Where to Intervene: Action Selection in Deep Reinforcement Learning
This addresses a critical bottleneck in RL for unknown and complex environments, offering a generalizable solution that reduces reliance on expert design and computational complexity.
The paper tackles the problem of high-dimensional action selection in deep reinforcement learning by proposing a data-driven approach that selects minimal sufficient actions and controls false discovery rates, achieving superior performance in variable selection and rewards compared to alternative techniques.

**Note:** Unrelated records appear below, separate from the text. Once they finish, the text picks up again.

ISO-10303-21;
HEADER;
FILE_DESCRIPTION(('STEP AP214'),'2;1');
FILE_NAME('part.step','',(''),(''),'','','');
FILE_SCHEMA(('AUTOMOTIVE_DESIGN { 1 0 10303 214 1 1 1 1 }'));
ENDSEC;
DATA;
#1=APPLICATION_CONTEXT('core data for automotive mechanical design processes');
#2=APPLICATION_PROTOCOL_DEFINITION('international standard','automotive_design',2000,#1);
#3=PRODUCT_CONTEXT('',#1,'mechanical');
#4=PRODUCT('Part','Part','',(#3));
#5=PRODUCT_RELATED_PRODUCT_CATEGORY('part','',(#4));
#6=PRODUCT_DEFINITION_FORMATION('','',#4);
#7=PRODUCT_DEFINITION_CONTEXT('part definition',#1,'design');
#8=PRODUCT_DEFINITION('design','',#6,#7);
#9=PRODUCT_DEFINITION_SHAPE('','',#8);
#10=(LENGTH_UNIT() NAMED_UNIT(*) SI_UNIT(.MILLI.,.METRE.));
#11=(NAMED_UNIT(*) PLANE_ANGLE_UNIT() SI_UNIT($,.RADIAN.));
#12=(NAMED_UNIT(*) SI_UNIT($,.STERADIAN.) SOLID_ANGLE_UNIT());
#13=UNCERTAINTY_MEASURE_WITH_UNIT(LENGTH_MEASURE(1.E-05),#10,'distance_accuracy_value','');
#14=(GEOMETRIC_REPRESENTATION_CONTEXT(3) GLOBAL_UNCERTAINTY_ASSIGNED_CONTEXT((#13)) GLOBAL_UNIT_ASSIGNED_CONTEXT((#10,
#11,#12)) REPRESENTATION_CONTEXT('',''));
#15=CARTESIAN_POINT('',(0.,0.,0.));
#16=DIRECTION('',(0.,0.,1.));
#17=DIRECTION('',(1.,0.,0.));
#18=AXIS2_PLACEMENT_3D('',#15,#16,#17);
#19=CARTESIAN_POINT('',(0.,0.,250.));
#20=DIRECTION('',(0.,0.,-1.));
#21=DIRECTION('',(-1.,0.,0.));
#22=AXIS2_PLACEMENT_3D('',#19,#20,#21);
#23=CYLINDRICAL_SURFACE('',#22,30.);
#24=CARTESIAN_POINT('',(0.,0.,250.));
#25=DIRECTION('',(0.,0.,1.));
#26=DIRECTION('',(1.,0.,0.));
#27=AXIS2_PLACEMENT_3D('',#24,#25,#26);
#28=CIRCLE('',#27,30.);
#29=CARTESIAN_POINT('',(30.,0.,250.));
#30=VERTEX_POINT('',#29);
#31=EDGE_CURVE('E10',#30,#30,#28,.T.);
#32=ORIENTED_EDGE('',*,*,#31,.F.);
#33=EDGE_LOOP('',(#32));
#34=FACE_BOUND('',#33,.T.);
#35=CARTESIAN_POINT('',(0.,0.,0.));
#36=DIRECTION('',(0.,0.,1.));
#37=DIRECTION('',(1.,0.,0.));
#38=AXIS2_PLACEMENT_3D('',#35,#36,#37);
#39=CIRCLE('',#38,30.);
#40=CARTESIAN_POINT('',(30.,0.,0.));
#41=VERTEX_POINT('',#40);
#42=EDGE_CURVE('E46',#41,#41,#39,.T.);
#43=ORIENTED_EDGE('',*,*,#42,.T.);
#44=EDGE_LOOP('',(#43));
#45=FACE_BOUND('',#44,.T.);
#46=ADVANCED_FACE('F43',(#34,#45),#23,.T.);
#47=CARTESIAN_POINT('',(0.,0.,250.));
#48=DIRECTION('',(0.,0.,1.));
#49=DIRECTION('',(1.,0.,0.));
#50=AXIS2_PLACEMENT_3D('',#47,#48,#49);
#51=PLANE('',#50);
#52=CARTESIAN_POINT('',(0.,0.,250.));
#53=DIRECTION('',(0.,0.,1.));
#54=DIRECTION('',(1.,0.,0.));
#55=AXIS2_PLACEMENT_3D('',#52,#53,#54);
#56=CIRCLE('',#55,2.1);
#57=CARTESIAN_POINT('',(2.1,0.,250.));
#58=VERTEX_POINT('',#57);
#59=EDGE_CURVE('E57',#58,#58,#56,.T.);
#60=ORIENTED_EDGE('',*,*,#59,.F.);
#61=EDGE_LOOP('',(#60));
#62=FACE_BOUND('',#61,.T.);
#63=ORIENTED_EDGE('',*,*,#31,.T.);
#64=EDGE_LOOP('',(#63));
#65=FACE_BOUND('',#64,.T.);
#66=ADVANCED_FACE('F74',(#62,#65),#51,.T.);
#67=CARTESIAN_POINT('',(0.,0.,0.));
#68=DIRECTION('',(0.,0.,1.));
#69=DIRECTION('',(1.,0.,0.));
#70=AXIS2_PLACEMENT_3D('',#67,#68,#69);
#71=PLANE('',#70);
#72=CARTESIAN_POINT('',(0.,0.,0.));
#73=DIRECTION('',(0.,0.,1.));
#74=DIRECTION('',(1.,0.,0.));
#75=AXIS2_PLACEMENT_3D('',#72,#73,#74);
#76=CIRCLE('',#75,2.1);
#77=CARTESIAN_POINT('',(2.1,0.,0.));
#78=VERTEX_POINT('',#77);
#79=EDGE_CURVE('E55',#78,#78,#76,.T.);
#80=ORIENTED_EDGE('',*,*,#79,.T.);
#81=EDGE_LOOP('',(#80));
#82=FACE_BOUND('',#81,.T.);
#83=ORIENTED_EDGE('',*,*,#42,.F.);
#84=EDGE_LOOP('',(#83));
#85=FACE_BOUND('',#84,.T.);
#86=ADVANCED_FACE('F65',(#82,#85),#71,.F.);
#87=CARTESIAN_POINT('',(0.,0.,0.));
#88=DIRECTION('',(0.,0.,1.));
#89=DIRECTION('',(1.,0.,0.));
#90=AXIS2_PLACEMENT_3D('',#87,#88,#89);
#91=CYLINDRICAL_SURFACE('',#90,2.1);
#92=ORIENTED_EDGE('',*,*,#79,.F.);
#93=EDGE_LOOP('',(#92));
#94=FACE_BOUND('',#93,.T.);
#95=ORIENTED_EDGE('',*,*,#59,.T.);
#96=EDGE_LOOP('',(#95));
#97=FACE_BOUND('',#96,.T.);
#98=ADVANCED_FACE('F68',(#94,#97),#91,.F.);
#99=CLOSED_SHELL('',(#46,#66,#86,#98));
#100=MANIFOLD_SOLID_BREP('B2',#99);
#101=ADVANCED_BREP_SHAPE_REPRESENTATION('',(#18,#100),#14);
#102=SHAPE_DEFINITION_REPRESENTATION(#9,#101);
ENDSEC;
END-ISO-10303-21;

Deep reinforcement learning (RL) has gained widespread adoption in recent years but faces significant challenges, particularly in unknown and complex environments. Among these, high-dimensional action selection stands out as a critical problem. Existing works often require a sophisticated prior design to eliminate redundancy in the action space, relying heavily on domain expert experience or involving high computational complexity, which limits their generalizability across different RL tasks. In this paper, we address these challenges by proposing a general data-driven action selection approach with model-free and computationally friendly properties. Our method not only selects minimal sufficient actions but also controls the false discovery rate via knockoff sampling. More importantly, we seamlessly integrate the action selection into deep RL methods during online training. Empirical experiments validate the established theoretical guarantees, demonstrating that our method surpasses various alternative techniques in terms of both performance in variable selection and overall achieved rewards.